Kapuspenkum Kejaksaan Agung Mohammad Rum kepada wartawan di Jakarta, Senin (29/1) mengatakan BK ditetapkan sebagai tersangka‎ didasarkan surat penetapan tersangka Nomor TAP-06/F.2/Fd.1/01/2018 tanggal 23 Januari 2018 ditandatangani Direktur Penyidikan pada JAM Pidsus.

Sebelumnya, kata Rum, yang bersangkutan datang memenuhi panggilan dari tim penyidik pada 23 Januari 2018 untuk diperiksa dan dimintai keterangan sebagai saksi di Gedung Pidana Khusus.

“Selanjutnya dari hasil pemeriksaan tersebut tim penyidik kemudian meningkatkan statusnya dengan menetapkan BK sebagai tersangka,” kata Rum.

Dia menyebutkan tersangka BK disangka melanggar Pasal 2 dan pasal 3 ayat (1), Undang-Undang Nomor 31 tahun 1999 sebagaimana telah diubah dengan UU Nomor 20 Tahun 2001 tentang Perubahan Atas UU Nomor 31 tahun 1999 tentang Pemberantasan Korupsi jo.

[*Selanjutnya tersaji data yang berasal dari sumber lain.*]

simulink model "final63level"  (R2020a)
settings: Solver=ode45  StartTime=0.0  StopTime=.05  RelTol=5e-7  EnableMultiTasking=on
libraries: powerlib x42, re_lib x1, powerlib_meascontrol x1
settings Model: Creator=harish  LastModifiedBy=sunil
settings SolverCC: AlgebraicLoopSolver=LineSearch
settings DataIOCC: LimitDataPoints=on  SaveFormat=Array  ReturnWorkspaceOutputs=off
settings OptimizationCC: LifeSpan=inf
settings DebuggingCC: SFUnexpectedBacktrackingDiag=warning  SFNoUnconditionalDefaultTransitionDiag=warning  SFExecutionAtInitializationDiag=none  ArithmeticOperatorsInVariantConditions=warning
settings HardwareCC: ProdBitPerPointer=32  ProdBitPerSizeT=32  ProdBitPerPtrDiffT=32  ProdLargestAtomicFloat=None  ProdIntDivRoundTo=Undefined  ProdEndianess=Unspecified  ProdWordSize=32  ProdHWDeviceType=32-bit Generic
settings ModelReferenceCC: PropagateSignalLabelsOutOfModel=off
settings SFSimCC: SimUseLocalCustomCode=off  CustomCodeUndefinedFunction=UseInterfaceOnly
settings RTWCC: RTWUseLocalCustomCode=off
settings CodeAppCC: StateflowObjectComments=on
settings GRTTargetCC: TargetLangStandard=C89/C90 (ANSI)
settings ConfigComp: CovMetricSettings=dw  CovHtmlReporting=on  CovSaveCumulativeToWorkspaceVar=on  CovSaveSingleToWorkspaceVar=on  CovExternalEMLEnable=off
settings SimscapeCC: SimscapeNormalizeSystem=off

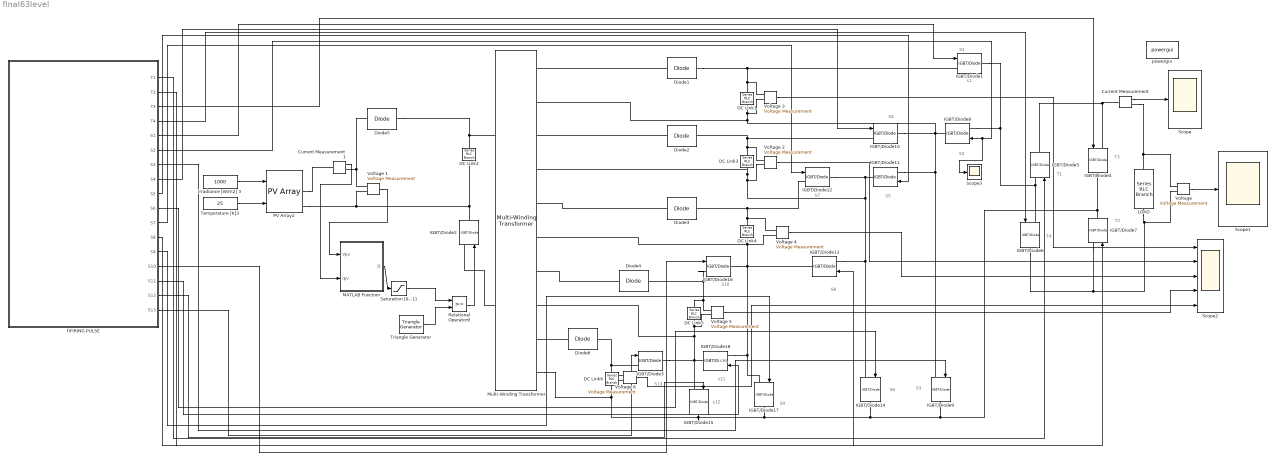
== system final63level ==
  note: s11
  note: s1
  note: S13
  note: s12
  note: s11
  note: S4
  note: S10
  note: S9
  note: S8
  note: S7
  note: S6
  note: S5
  note: S3
  note: S2
  note: S1
  note: T4
  note: T3
  note: T2
  note: T1
  Current Measurement : powerlib/Measurements/Current Measurement  PhasorSimulation=off  OutputType=Complex  PSBequivalent=0
  Current Measurement1 : powerlib/Measurements/Current Measurement  PhasorSimulation=off  OutputType=Complex  PSBequivalent=0
  DC Link1 : powerlib/Elements/Series RLC Branch  LConnTagsString=__new0  RConnTagsString=__new0  BranchType=C  Resistance=1.0  Inductance=1.0  SetiL0=off  InitialCurrent=0  Capacitance=3000e-6  Setx0=off  InitialVoltage=240/31  Measurements=None
      settings: SourceProductBaseCode=MT,PS
  DC Link2 : powerlib/Elements/Series RLC Branch  LConnTagsString=__new0  RConnTagsString=__new0  BranchType=C  Resistance=1.0  Inductance=1.0  SetiL0=off  InitialCurrent=0  Capacitance=300e+6  Setx0=on  InitialVoltage=256  Measurements=None
      settings: SourceProductBaseCode=MT,PS
  DC Link3 : powerlib/Elements/Series RLC Branch  LConnTagsString=__new0  RConnTagsString=__new0  BranchType=C  Resistance=1.0  Inductance=1.0  SetiL0=off  InitialCurrent=0  Capacitance=3000e-6  Setx0=off  InitialVoltage=32  Measurements=None
      settings: SourceProductBaseCode=MT,PS
  DC Link4 : powerlib/Elements/Series RLC Branch  LConnTagsString=__new0  RConnTagsString=__new0  BranchType=C  Resistance=1.0  Inductance=1.0  SetiL0=off  InitialCurrent=0  Capacitance=3000e-6  Setx0=off  InitialVoltage=68  Measurements=None
      settings: SourceProductBaseCode=MT,PS
  DC Link5 : powerlib/Elements/Series RLC Branch  LConnTagsString=__new0  RConnTagsString=__new0  BranchType=C  Resistance=1.0  Inductance=1.0  SetiL0=off  InitialCurrent=0  Capacitance=3000e-6  Setx0=off  InitialVoltage=128  Measurements=None
      settings: SourceProductBaseCode=MT,PS
  DC Link6 : powerlib/Elements/Series RLC Branch  LConnTagsString=__new0  RConnTagsString=__new0  BranchType=C  Resistance=1.0  Inductance=1.0  SetiL0=off  InitialCurrent=0  Capacitance=3000e-6  Setx0=off  InitialVoltage=128  Measurements=None
      settings: SourceProductBaseCode=MT,PS
  Diode{1..6} (6 alike) : powerlib/Power Electronics/Diode  Ron=0.001  Lon=0  Vf=0.8  IC=0  UseSnubber=0  Rs=500  Cs=250e-9  Measurements=off
  IGBT/Diode{1..18} (18 alike) : powerlib/Power Electronics/IGBT//Diode  Ron=1e-3  Rs=1e5  Cs=inf  Measurements=off
  Irradiance [W/m2] 3 : Constant  Value=1000
  LOAD : powerlib/Elements/Series RLC Branch  LConnTagsString=__new0  RConnTagsString=__new0  BranchType=RL  Resistance=250  Inductance=1e-3  SetiL0=off  InitialCurrent=0  Capacitance=1e-6  Setx0=off  InitialVoltage=0  Measurements=None
  MATLAB Function : MATLAB Function  TreatAsAtomicUnit=on
  Multi-Winding Transformer : powerlib/Elements/Multi-Winding Transformer  LeftWindings=1  RightWindings=5  TappedWindings=no taps  NumberOfTaps=4  SetSaturation=off  Hysteresis=off  DataFile='hysteresis.mat'  Measurements=None  UNITS=pu  NominalPower=[1000 10000]  NominalVoltages="[256 240/31   240*2/31   240*4/31  240*8/31  240*16/31]"  WindingResistances=[0 0 0 0 0 0]  WindingInductances="[0 0 0 0 0  0]"  Rm=0.11642  Lm=4.5959e+08  Saturation=[0 0;1.25e-06 1.44e+06;0.00052081 1.824e+06]  BreakLoop=off  DiscreteSolver=Trapezoidal iterative  DataType=off  InitialFlux=0  TransfoNumber=1
      settings: SourceProductBaseCode=PS
  PV Array2 : re_lib/Solar/PV Array  Npar=1  Nser=8  PlotType=array @ 1000 W/m2 & specified temperatures  S_vec="[ 1000  500  100 ]"  Temp_C_vec="[25  ]"  ModuleName=User-defined  PlotWhenSelected=off  Pm=213.15  Ncell=100  Voc=36.3  Isc=7.84  Vm=29  Im=7.35  beta_Voc_pc=-0.36099  alpha_Isc_pc=0.102  beta_Voc=-0.13104  alpha_Isc=0.0079968  IL=7.8541  I0=2.8969e-10  nI=0.58844  Rsh=372.6956  Rs=0.3942  RobustModel=off  RobustCellTemperature=25  BAL=on  Tc=1e-6  Tfilter=5e-5
  Relational Operator9 : RelationalOperator  OutDataTypeStr=boolean  RndMeth=Nearest
  Saturation [0...1] : Saturate  UpperLimit=1  LowerLimit=0
  Scope : Scope
  Scope1 : Scope
  Scope2 : Scope  NumInputPorts=5
  Scope3 : Scope
  Temperature [K]3 : Constant  Value=25
  Triangle Generator : powerlib_meascontrol/Pulse & Signal Generators/Triangle Generator  Freq=1e3  Phase=0  Ts=0
  Voltage {,1..6} (7 alike) : powerlib/Measurements/Voltage Measurement  PhasorSimulation=off  OutputType=Complex  PSBequivalent=0
  fiFIRING PULSE : Subsystem
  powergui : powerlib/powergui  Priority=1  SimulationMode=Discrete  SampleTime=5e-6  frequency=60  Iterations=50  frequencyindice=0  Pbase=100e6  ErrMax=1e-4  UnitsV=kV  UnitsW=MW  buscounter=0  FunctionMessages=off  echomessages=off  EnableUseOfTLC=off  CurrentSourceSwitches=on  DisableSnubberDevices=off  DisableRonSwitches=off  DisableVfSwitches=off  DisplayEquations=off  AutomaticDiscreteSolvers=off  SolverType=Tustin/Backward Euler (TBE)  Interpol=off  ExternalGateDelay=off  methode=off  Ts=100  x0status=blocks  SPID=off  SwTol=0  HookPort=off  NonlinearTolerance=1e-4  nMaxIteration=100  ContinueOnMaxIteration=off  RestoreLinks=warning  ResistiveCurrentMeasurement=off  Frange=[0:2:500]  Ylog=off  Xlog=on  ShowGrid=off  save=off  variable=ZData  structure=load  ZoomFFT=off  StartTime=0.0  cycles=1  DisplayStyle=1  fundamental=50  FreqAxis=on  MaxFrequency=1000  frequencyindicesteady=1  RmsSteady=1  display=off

Pasal 55 ayat (1) ke-1 KUHP‎.

Kasusnya berawal ketika PT Pertamina (Persero) pada 2009, melalui anak perusahaannya PT Pertamina Hulu Energi (PHE) melakukan akuisisi saham sebesar 10 persen terhadap ROC Oil Ltd.
Perjanjian jual beli ditandatangani pada tanggal 1 Mei 2009 dengan modal sebesar 66,2 juta dolar Australia atau senilai Rp568 miliar dengan asumsi mendapatkan 812 barel per hari.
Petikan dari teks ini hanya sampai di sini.